The entries follow. Copy every line in which "source" appears.

─── Material provided

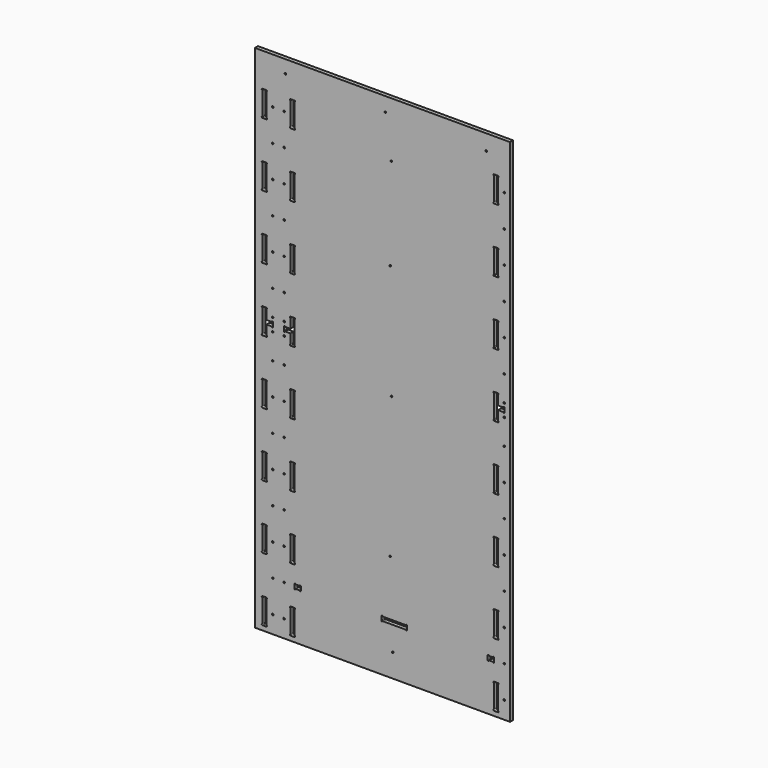
from build123d import *

# Parameters (mm, degrees)
F1_DEPTH = 18


# Not quite as in the source:
# - ends of sketch curves that miss each other by under 0.0002 mm in the source are joined


with BuildPart() as f1:
    # F0 (on Front) → F1 (new body)
    with BuildSketch(Plane.XZ):
        with BuildLine():
            Line((-600, 1063.948034), (-600, -1200))
            Line((-600, -1200), (599.502035, -1200))
            Line((599.502035, -1200), (599.501201, 1063.948272))
            Line((599.501201, 1063.948272), (115.500376, 1063.948245))
            Line((115.500376, 1063.948245), (115.500377, 1053.806799))
            ThreePointArc((115.500377, 1053.806799), (112.3608555537, 1050.5395429438), (108.9803764701, 1053.5568130354))
            Line((108.9803764701, 1053.5568130354), (1.52026, 1053.557046))
            ThreePointArc((1.52026, 1053.557046), (-1.8598651837, 1050.5493557616), (-4.9997393501, 1053.807060001))
            Line((-4.9997393501, 1053.807060001), (-4.999744, 1063.948265))
            Line((-4.999744, 1063.948265), (-600, 1063.948034))
        make_face()
        with BuildLine():
            ThreePointArc((-545.999425, -1057.5382900374), (-542.7418065766, -1060.6737091966), (-545.7494230529, -1064.0496793132))
            Line((-545.7494230529, -1064.0496793132), (-545.749383, -1172.027071))
            ThreePointArc((-545.749383, -1172.027071), (-542.7407774718, -1175.4030773266), (-545.999381, -1178.5384609569))
            Line((-545.999381, -1178.5384609569), (-564.499399, -1178.538468))
            ThreePointArc((-564.499399, -1178.538468), (-567.7570174234, -1175.4030488034), (-564.7494009471, -1172.0270786868))
            Line((-564.7494009471, -1172.0270786868), (-564.749441, -1064.049687))
            ThreePointArc((-564.749441, -1064.049687), (-567.7580465282, -1060.6736806734), (-564.499443, -1057.5382970431))
            Line((-564.499443, -1057.5382970431), (-545.999425, -1057.5382900374))
        make_face(mode=Mode.SUBTRACT)
        with BuildLine():
            ThreePointArc((-516.000128, -1121.775336), (-518.6517784294, -1120.6769864294), (-519.750128, -1118.025336))
            ThreePointArc((-519.750128, -1118.025336), (-518.6517784294, -1115.3736855706), (-516.000128, -1114.275336))
            ThreePointArc((-516.000128, -1114.275336), (-513.3484775706, -1115.3736855706), (-512.250128, -1118.025336))
            ThreePointArc((-512.250128, -1118.025336), (-513.3484775706, -1120.6769864294), (-516.000128, -1121.775336))
        make_face(mode=Mode.SUBTRACT)
        with BuildLine():
            ThreePointArc((-462.491463, -1121.775336), (-465.1431134294, -1120.6769864294), (-466.241463, -1118.025336))
            ThreePointArc((-466.241463, -1118.025336), (-465.1431134294, -1115.3736855706), (-462.491463, -1114.275336))
            ThreePointArc((-462.491463, -1114.275336), (-459.8398125706, -1115.3736855706), (-458.741463, -1118.025336))
            ThreePointArc((-458.741463, -1118.025336), (-459.8398125706, -1120.6769864294), (-462.491463, -1121.775336))
        make_face(mode=Mode.SUBTRACT)
        with BuildLine():
            ThreePointArc((-516.000128, -971.775336), (-518.6517784294, -970.6769864294), (-519.750128, -968.025336))
            ThreePointArc((-519.750128, -968.025336), (-518.6517784294, -965.3736855706), (-516.000128, -964.275336))
            ThreePointArc((-516.000128, -964.275336), (-513.3484775706, -965.3736855706), (-512.250128, -968.025336))
            ThreePointArc((-512.250128, -968.025336), (-513.3484775706, -970.6769864294), (-516.000128, -971.775336))
        make_face(mode=Mode.SUBTRACT)
        with BuildLine():
            ThreePointArc((-462.491463, -971.775336), (-465.1431134294, -970.6769864294), (-466.241463, -968.025336))
            ThreePointArc((-466.241463, -968.025336), (-465.1431134294, -965.3736855706), (-462.491463, -964.275336))
            ThreePointArc((-462.491463, -964.275336), (-459.8398125706, -965.3736855706), (-458.741463, -968.025336))
            ThreePointArc((-458.741463, -968.025336), (-459.8398125706, -970.6769864294), (-462.491463, -971.775336))
        make_face(mode=Mode.SUBTRACT)
        with BuildLine():
            Line((-432.749269, -1172.02703), (-432.749309, -1064.049638))
            ThreePointArc((-432.749309, -1064.049638), (-435.7579145282, -1060.6736316734), (-432.499311, -1057.5382480431))
            Line((-432.499311, -1057.5382480431), (-413.999293, -1057.538241))
            ThreePointArc((-413.999293, -1057.538241), (-410.7416745766, -1060.6736601966), (-413.7492910529, -1064.0496303132))
            Line((-413.7492910529, -1064.0496303132), (-413.749251, -1172.027023))
            ThreePointArc((-413.749251, -1172.027023), (-410.7406454718, -1175.4030293266), (-413.999249, -1178.5384129569))
            Line((-413.999249, -1178.5384129569), (-432.499267, -1178.538419))
            ThreePointArc((-432.499267, -1178.538419), (-435.7568854219, -1175.4029998417), (-432.749269, -1172.02703))
        make_face(mode=Mode.SUBTRACT)
        with BuildLine():
            ThreePointArc((-414.7479649626, -958.781652), (-411.6125458034, -955.5240335766), (-408.2365756868, -958.5316500529))
            Line((-408.2365756868, -958.5316500529), (-390.259321, -958.531643))
            ThreePointArc((-390.259321, -958.531643), (-386.8833146734, -955.5230374718), (-383.7479310431, -958.781641))
            Line((-383.7479310431, -958.781641), (-383.747925, -977.284785))
            ThreePointArc((-383.747925, -977.284785), (-386.8833441966, -980.5424034234), (-390.2593143132, -977.5347869471))
            Line((-390.2593143132, -977.5347869471), (-408.236569, -977.534794))
            ThreePointArc((-408.236569, -977.534794), (-411.6125753266, -980.5433995282), (-414.7479589569, -977.284796))
            Line((-414.7479589569, -977.284796), (-414.7479649626, -958.781652))
        make_face(mode=Mode.SUBTRACT)
        with BuildLine():
            ThreePointArc((-545.999537, -757.5282880373), (-542.7419175958, -760.663706697), (-545.7495340529, -764.0396773132))
            Line((-545.7495340529, -764.0396773132), (-545.749495, -872.016866))
            ThreePointArc((-545.749495, -872.016866), (-542.7408894527, -875.3928718269), (-545.999492, -878.5282559571))
            Line((-545.999492, -878.5282559571), (-564.49951, -878.528262))
            ThreePointArc((-564.49951, -878.528262), (-567.7571294027, -875.3928433414), (-564.7495130237, -872.0168726927))
            Line((-564.7495130237, -872.0168726927), (-564.749552, -764.039685))
            ThreePointArc((-564.749552, -764.039685), (-567.7581575473, -760.6636791731), (-564.499555, -757.5282950429))
            Line((-564.499555, -757.5282950429), (-545.999537, -757.5282880373))
        make_face(mode=Mode.SUBTRACT)
        with BuildLine():
            ThreePointArc((-516.000128, -821.775336), (-518.6517784294, -820.6769864294), (-519.750128, -818.025336))
            ThreePointArc((-519.750128, -818.025336), (-518.6517784294, -815.3736855706), (-516.000128, -814.275336))
            ThreePointArc((-516.000128, -814.275336), (-513.3484775706, -815.3736855706), (-512.250128, -818.025336))
            ThreePointArc((-512.250128, -818.025336), (-513.3484775706, -820.6769864294), (-516.000128, -821.775336))
        make_face(mode=Mode.SUBTRACT)
        with BuildLine():
            ThreePointArc((-462.491463, -821.775336), (-465.1431134294, -820.6769864294), (-466.241463, -818.025336))
            ThreePointArc((-466.241463, -818.025336), (-465.1431134294, -815.3736855706), (-462.491463, -814.275336))
            ThreePointArc((-462.491463, -814.275336), (-459.8398125706, -815.3736855706), (-458.741463, -818.025336))
            ThreePointArc((-458.741463, -818.025336), (-459.8398125706, -820.6769864294), (-462.491463, -821.775336))
        make_face(mode=Mode.SUBTRACT)
        with BuildLine():
            ThreePointArc((-516.000128, -671.775336), (-518.6517784294, -670.6769864294), (-519.750128, -668.025336))
            ThreePointArc((-519.750128, -668.025336), (-518.6517784294, -665.3736855706), (-516.000128, -664.275336))
            ThreePointArc((-516.000128, -664.275336), (-513.3484775706, -665.3736855706), (-512.250128, -668.025336))
            ThreePointArc((-512.250128, -668.025336), (-513.3484775706, -670.6769864294), (-516.000128, -671.775336))
        make_face(mode=Mode.SUBTRACT)
        with BuildLine():
            ThreePointArc((-462.491463, -671.775336), (-465.1431134294, -670.6769864294), (-466.241463, -668.025336))
            ThreePointArc((-466.241463, -668.025336), (-465.1431134294, -665.3736855706), (-462.491463, -664.275336))
            ThreePointArc((-462.491463, -664.275336), (-459.8398125706, -665.3736855706), (-458.741463, -668.025336))
            ThreePointArc((-458.741463, -668.025336), (-459.8398125706, -670.6769864294), (-462.491463, -671.775336))
        make_face(mode=Mode.SUBTRACT)
        with BuildLine():
            ThreePointArc((-432.7494189421, -764.0396352449), (-435.7580235481, -760.6636302113), (-432.499422, -757.5282470429))
            Line((-432.499422, -757.5282470429), (-413.999404, -757.52824))
            ThreePointArc((-413.999404, -757.52824), (-410.7417845973, -760.6636586586), (-413.7494009763, -764.0396293073))
            Line((-413.7494009763, -764.0396293073), (-413.749363, -872.016817))
            ThreePointArc((-413.749363, -872.016817), (-410.7407574527, -875.3928228269), (-413.99936, -878.5282069571))
            Line((-413.99936, -878.5282069571), (-432.499377, -878.528214))
            ThreePointArc((-432.499377, -878.528214), (-435.7569964042, -875.392795303), (-432.7493799471, -872.0168246868))
            Line((-432.7493799471, -872.0168246868), (-432.7494189421, -764.0396352449))
        make_face(mode=Mode.SUBTRACT)
        with BuildLine():
            ThreePointArc((-545.999646, -457.5277780374), (-542.7420275766, -460.6631971966), (-545.7496440529, -464.0391673132))
            Line((-545.7496440529, -464.0391673132), (-545.749604, -572.01656))
            ThreePointArc((-545.749604, -572.01656), (-542.7409984718, -575.3925663266), (-545.999602, -578.5279499569))
            Line((-545.999602, -578.5279499569), (-564.49962, -578.527957))
            ThreePointArc((-564.49962, -578.527957), (-567.7572384234, -575.3925378034), (-564.7496219471, -572.0165676868))
            Line((-564.7496219471, -572.0165676868), (-564.749662, -464.039175))
            ThreePointArc((-564.749662, -464.039175), (-567.7582675282, -460.6631686734), (-564.499664, -457.5277850431))
            Line((-564.499664, -457.5277850431), (-545.999646, -457.5277780374))
        make_face(mode=Mode.SUBTRACT)
        with BuildLine():
            ThreePointArc((-516.000128, -521.775336), (-518.6517784294, -520.6769864294), (-519.750128, -518.025336))
            ThreePointArc((-519.750128, -518.025336), (-518.6517784294, -515.3736855706), (-516.000128, -514.275336))
            ThreePointArc((-516.000128, -514.275336), (-513.3484775706, -515.3736855706), (-512.250128, -518.025336))
            ThreePointArc((-512.250128, -518.025336), (-513.3484775706, -520.6769864294), (-516.000128, -521.775336))
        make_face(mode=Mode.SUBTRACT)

──────

* Task output *
# Not quite as in the source:
# - ends of sketch curves that miss each other by under 0.0002 mm in the source are joined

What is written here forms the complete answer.